┏━━

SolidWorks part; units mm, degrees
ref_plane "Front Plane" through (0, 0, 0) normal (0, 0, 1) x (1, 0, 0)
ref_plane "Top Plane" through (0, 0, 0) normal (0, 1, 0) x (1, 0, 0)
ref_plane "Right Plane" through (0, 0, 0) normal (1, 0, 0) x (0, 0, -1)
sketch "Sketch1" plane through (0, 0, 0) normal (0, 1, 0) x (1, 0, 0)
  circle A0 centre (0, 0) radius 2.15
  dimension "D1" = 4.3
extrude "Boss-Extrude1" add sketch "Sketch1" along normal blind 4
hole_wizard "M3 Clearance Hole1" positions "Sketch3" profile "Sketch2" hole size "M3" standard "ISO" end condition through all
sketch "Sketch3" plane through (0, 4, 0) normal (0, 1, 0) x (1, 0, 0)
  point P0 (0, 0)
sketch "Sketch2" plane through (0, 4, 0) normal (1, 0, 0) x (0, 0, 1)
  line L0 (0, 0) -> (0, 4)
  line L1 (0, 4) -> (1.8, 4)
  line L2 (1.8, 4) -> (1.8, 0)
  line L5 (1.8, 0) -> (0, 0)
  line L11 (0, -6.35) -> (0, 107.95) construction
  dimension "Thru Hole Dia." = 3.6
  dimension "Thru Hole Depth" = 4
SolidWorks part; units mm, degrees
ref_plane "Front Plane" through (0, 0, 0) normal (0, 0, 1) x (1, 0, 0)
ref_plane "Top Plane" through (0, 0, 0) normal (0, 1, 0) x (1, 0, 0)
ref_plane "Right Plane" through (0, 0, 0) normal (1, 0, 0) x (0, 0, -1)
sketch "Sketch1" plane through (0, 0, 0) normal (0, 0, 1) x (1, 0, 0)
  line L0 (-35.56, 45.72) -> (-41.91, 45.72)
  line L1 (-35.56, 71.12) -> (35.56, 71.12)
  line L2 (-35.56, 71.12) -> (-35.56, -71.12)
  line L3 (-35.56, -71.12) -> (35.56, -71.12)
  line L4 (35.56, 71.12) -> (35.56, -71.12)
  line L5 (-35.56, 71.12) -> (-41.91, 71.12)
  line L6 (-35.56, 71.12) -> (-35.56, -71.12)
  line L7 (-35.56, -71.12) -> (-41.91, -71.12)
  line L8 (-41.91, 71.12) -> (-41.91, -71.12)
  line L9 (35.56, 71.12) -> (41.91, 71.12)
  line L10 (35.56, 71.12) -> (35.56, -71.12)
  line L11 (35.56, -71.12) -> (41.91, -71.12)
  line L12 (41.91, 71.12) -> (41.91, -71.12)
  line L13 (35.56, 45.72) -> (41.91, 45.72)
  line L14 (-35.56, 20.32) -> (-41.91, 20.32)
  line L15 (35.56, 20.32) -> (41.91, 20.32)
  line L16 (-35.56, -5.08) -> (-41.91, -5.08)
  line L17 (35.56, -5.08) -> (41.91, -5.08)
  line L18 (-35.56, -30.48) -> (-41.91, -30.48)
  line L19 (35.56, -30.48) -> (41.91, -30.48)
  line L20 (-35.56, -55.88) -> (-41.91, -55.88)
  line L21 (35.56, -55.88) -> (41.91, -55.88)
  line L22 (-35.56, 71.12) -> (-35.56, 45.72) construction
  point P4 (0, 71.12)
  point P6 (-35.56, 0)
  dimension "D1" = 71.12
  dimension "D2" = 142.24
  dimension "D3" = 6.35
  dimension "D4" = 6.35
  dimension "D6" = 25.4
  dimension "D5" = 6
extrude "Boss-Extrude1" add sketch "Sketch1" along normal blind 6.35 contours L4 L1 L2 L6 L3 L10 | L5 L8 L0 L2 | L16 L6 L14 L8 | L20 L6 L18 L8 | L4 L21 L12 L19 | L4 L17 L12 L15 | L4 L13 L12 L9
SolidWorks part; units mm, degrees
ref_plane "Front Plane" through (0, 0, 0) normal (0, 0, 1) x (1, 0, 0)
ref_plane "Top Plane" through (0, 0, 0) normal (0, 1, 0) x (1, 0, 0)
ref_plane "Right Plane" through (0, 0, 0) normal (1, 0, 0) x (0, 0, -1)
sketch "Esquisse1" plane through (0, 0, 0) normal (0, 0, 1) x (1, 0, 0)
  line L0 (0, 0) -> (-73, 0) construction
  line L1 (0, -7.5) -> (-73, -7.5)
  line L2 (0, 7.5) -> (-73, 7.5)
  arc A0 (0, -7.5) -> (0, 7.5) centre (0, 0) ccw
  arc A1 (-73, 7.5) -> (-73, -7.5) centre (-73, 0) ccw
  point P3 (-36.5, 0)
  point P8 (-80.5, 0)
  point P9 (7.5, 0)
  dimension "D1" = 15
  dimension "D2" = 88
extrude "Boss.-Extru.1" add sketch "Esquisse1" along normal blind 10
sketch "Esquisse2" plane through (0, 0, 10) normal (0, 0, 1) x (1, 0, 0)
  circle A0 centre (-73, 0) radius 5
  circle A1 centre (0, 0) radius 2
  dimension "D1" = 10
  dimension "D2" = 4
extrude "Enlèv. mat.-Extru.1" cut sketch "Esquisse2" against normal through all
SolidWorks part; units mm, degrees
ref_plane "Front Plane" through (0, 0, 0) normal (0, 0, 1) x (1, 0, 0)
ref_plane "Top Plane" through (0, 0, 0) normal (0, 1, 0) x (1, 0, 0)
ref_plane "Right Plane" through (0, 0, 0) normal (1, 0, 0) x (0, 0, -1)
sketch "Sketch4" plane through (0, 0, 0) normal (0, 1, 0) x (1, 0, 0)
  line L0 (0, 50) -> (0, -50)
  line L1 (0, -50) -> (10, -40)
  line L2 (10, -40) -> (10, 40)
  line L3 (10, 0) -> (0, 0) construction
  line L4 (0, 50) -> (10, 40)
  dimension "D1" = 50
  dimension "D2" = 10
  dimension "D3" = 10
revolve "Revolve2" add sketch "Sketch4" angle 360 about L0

┗━━

Problem:
Reprint the data above from the opening line to the line holding "line L8 (-41.91, 71.12) -> (-41.91, -71.12)", inclusive, and nothing else.

Response for this exercise:
SolidWorks part; units mm, degrees
ref_plane "Front Plane" through (0, 0, 0) normal (0, 0, 1) x (1, 0, 0)
ref_plane "Top Plane" through (0, 0, 0) normal (0, 1, 0) x (1, 0, 0)
ref_plane "Right Plane" through (0, 0, 0) normal (1, 0, 0) x (0, 0, -1)
sketch "Sketch1" plane through (0, 0, 0) normal (0, 1, 0) x (1, 0, 0)
  circle A0 centre (0, 0) radius 2.15
  dimension "D1" = 4.3
extrude "Boss-Extrude1" add sketch "Sketch1" along normal blind 4
hole_wizard "M3 Clearance Hole1" positions "Sketch3" profile "Sketch2" hole size "M3" standard "ISO" end condition through all
sketch "Sketch3" plane through (0, 4, 0) normal (0, 1, 0) x (1, 0, 0)
  point P0 (0, 0)
sketch "Sketch2" plane through (0, 4, 0) normal (1, 0, 0) x (0, 0, 1)
  line L0 (0, 0) -> (0, 4)
  line L1 (0, 4) -> (1.8, 4)
  line L2 (1.8, 4) -> (1.8, 0)
  line L5 (1.8, 0) -> (0, 0)
  line L11 (0, -6.35) -> (0, 107.95) construction
  dimension "Thru Hole Dia." = 3.6
  dimension "Thru Hole Depth" = 4
SolidWorks part; units mm, degrees
ref_plane "Front Plane" through (0, 0, 0) normal (0, 0, 1) x (1, 0, 0)
ref_plane "Top Plane" through (0, 0, 0) normal (0, 1, 0) x (1, 0, 0)
ref_plane "Right Plane" through (0, 0, 0) normal (1, 0, 0) x (0, 0, -1)
sketch "Sketch1" plane through (0, 0, 0) normal (0, 0, 1) x (1, 0, 0)
  line L0 (-35.56, 45.72) -> (-41.91, 45.72)
  line L1 (-35.56, 71.12) -> (35.56, 71.12)
  line L2 (-35.56, 71.12) -> (-35.56, -71.12)
  line L3 (-35.56, -71.12) -> (35.56, -71.12)
  line L4 (35.56, 71.12) -> (35.56, -71.12)
  line L5 (-35.56, 71.12) -> (-41.91, 71.12)
  line L6 (-35.56, 71.12) -> (-35.56, -71.12)
  line L7 (-35.56, -71.12) -> (-41.91, -71.12)
  line L8 (-41.91, 71.12) -> (-41.91, -71.12)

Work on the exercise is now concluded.